1 500 kilomètres au-delà du point d'impact

En revanche, on en apprend beaucoup plus sur la dispersion des débris. Cette fois-ci, d'importants fragments des réservoirs principaux, dont certains de plusieurs mètres de large, sont tombés dans l'ouest de l'île de Bornéo, dans la province indonésienne de Kalimantan, et dans l'Etat malais de Sarawak. Même si 7 millions de personnes vivent le long de ce littoral, principalement dans les Etats malais de Sarawak et de Sabah ainsi que dans le sultanat de Brunei, la dispersion des débris les plus sensibles au freinage atmosphérique, entre 1 400 et 800 kilomètres en deçà du point d'impact principal, a surtout eu lieu dans des zones rurales.

Lors du premier vol, d'autres types de débris, plus aérodynamiques, comme des tuyaux pouvant mesurer jusqu'à 30 mètres de long, étaient tombés dans la savane ivoirienne, plus de 1 500 kilomètres au-delà du point d'impact.
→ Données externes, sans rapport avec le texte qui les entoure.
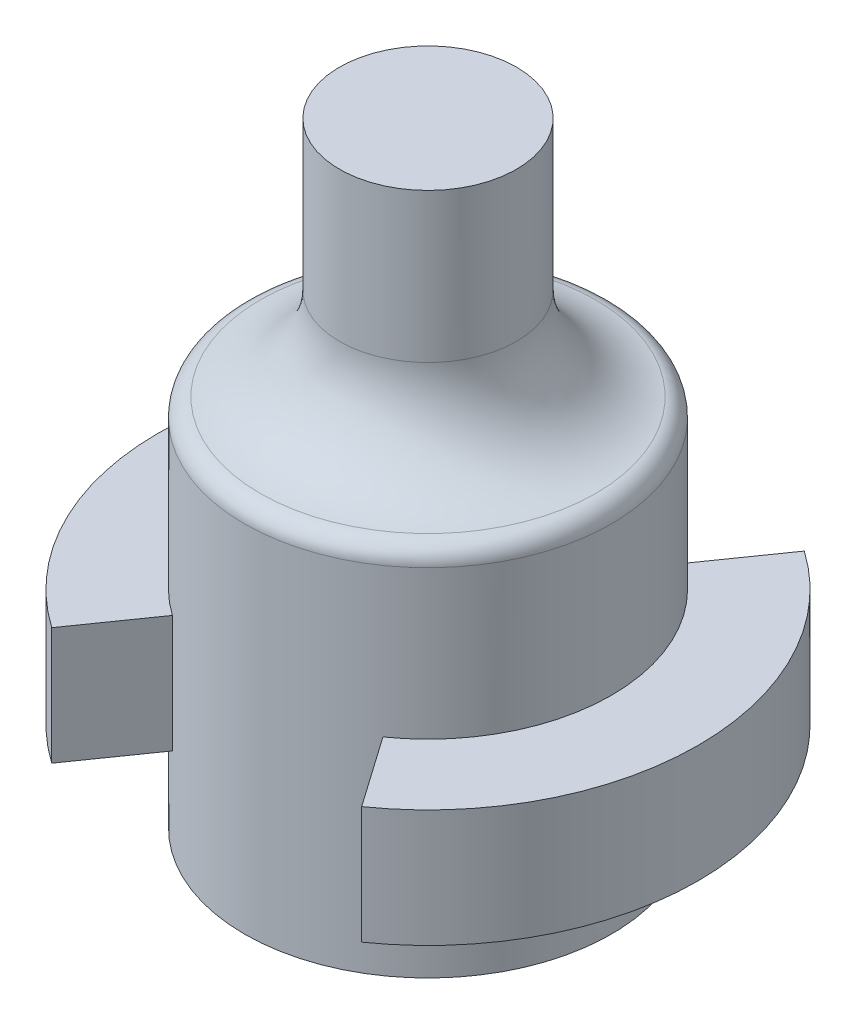
from build123d import *
from build123d.topology import SkipClean

# Parameters (mm, degrees)
SALIENTE_EXTRUIR1_START   = 0.4
SALIENTE_EXTRUIR1_DEPTH   = 3.15
SALIENTE_EXTRUIR1_2_DEPTH = 3.15
SALIENTE_EXTRUIR2_DEPTH   = 8
SALIENTE_EXTRUIR3_START   = -2
SALIENTE_EXTRUIR3_DEPTH   = 2
CROQUIS2_R                = 2.375
SALIENTE_EXTRUIR4_DEPTH   = 6.5
REDONDEO2_R               = 2.5
REDONDEO3_R               = 0.5


with BuildPart() as part:
    # Croquis1 → Saliente-Extruir1 (new body)
    with BuildSketch(Plane(origin=(0, 0, 0), x_dir=(1, 0, 0), z_dir=(0, 1, 0)).offset(SALIENTE_EXTRUIR1_START)):
        with BuildLine():
            Line((4.158429164, 5.938852321), (2.824863949, 4.034323818))
            ThreePointArc((2.824863949, 4.034323818), (4.925, 0), (2.824863949, -4.034323818))
            Line((2.824863949, -4.034323818), (4.158429164, -5.938852321))
            ThreePointArc((4.158429164, -5.938852321), (7.25, 0), (4.158429164, 5.938852321))
        make_face()
    extrude(amount=SALIENTE_EXTRUIR1_DEPTH)



with BuildPart() as body_2:
    # Croquis1 → Saliente-Extruir1 2 (new body)
    with BuildSketch(Plane(origin=(0, 0, 0), x_dir=(1, 0, 0), z_dir=(0, 1, 0)).offset(SALIENTE_EXTRUIR1_START)):
        with BuildLine():
            ThreePointArc((-2.824863949, -4.034323818), (-4.925, 0), (-2.824863949, 4.034323818))
            Line((-2.824863949, 4.034323818), (-4.158429164, 5.938852321))
            ThreePointArc((-4.158429164, 5.938852321), (-7.25, 0), (-4.158429164, -5.938852321))
            Line((-4.158429164, -5.938852321), (-2.824863949, -4.034323818))
        make_face()
    extrude(amount=SALIENTE_EXTRUIR1_2_DEPTH)


with BuildPart() as part_1:
    add(part.part)

    add(body_2.part)  # Saliente-Extruir2 merges body 2
    # Croquis1<3> → Saliente-Extruir2 (add)
    with BuildSketch(Plane(origin=(0, 0, 0), x_dir=(1, 0, 0), z_dir=(0, 1, 0))):
        with BuildLine():
            ThreePointArc((4.925, 0), (4.368528353, 2.27411192), (2.824863949, 4.034323818))
            ThreePointArc((2.824863949, 4.034323818), (0, 4.925), (-2.824863949, 4.034323818))
            ThreePointArc((-2.824863949, 4.034323818), (-4.925, 0), (-2.824863949, -4.034323818))
            ThreePointArc((-2.824863949, -4.034323818), (0, -4.925), (2.824863949, -4.034323818))
            ThreePointArc((2.824863949, -4.034323818), (4.368528353, -2.27411192), (4.925, 0))
        make_face()
    extrude(amount=SALIENTE_EXTRUIR2_DEPTH)

    # Croquis1<4> → Saliente-Extruir3 (add)
    with SkipClean():  # the faces are left unmerged after this step: merging them gives an invalid solid
        with BuildSketch(Plane(origin=(0, 0, 0), x_dir=(1, 0, 0), z_dir=(0, 1, 0)).offset(SALIENTE_EXTRUIR3_START)):
            with BuildLine():
                ThreePointArc((4.925, 0), (4.368528353, 2.27411192), (2.824863949, 4.034323818))
                ThreePointArc((2.824863949, 4.034323818), (0, 4.925), (-2.824863949, 4.034323818))
                ThreePointArc((-2.824863949, 4.034323818), (-4.925, 0), (-2.824863949, -4.034323818))
                ThreePointArc((-2.824863949, -4.034323818), (0, -4.925), (2.824863949, -4.034323818))
                ThreePointArc((2.824863949, -4.034323818), (4.368528353, -2.27411192), (4.925, 0))
            make_face()
        extrude(amount=SALIENTE_EXTRUIR3_DEPTH)

    # Croquis2 → Saliente-Extruir4 (add)
    with SkipClean():  # the faces are left unmerged after this step: merging them gives an invalid solid
        with BuildSketch(Plane(origin=(0, 8, 0), x_dir=(1, 0, 0), z_dir=(0, 1, 0))):
            Circle(CROQUIS2_R)
        extrude(amount=SALIENTE_EXTRUIR4_DEPTH)

    # Redondeo2
    redondeo2_edges = [part_1.edges().sort_by_distance(p)[0] for p in [
        (-2.375, 8, 0),
    ]]
    fillet(redondeo2_edges, radius=REDONDEO2_R)

    # Redondeo3
    redondeo3_edges = [part_1.edges().sort_by_distance(p)[0] for p in [
        (-2.824863949, 8, 4.034323818),
    ]]
    fillet(redondeo3_edges, radius=REDONDEO3_R)


solid = part_1.part

Sur le dernier vol, ces éléments sont probablement tombés en mer entre les Philippines et l'archipel des Mariannes.

Un prochain lancement est prévu le 27 octobre. La chance des Chinois se poursuivra-t-elle ? Lors du premier vol, l'étage avait survolé Manhattan dix minutes avant de tomber. Pour le deuxième vol, c'était Riyad. Sur ce dernier vol, à une orbite près (environ quatre-vingt-dix minutes), les débris auraient pu frapper le sud du Japon. De manière générale l'Europe est peu menacée, car l'inclinaison de l'orbite fait que cet étage ne s'aventure pas au-delà de 41,5° N, soit la latitude de Bonifacio. Néanmoins, comme pour la gestion du trafic et des débris sur orbite basse, une réglementation devrait être mise en place avant qu'un accident ne se produise, et non après.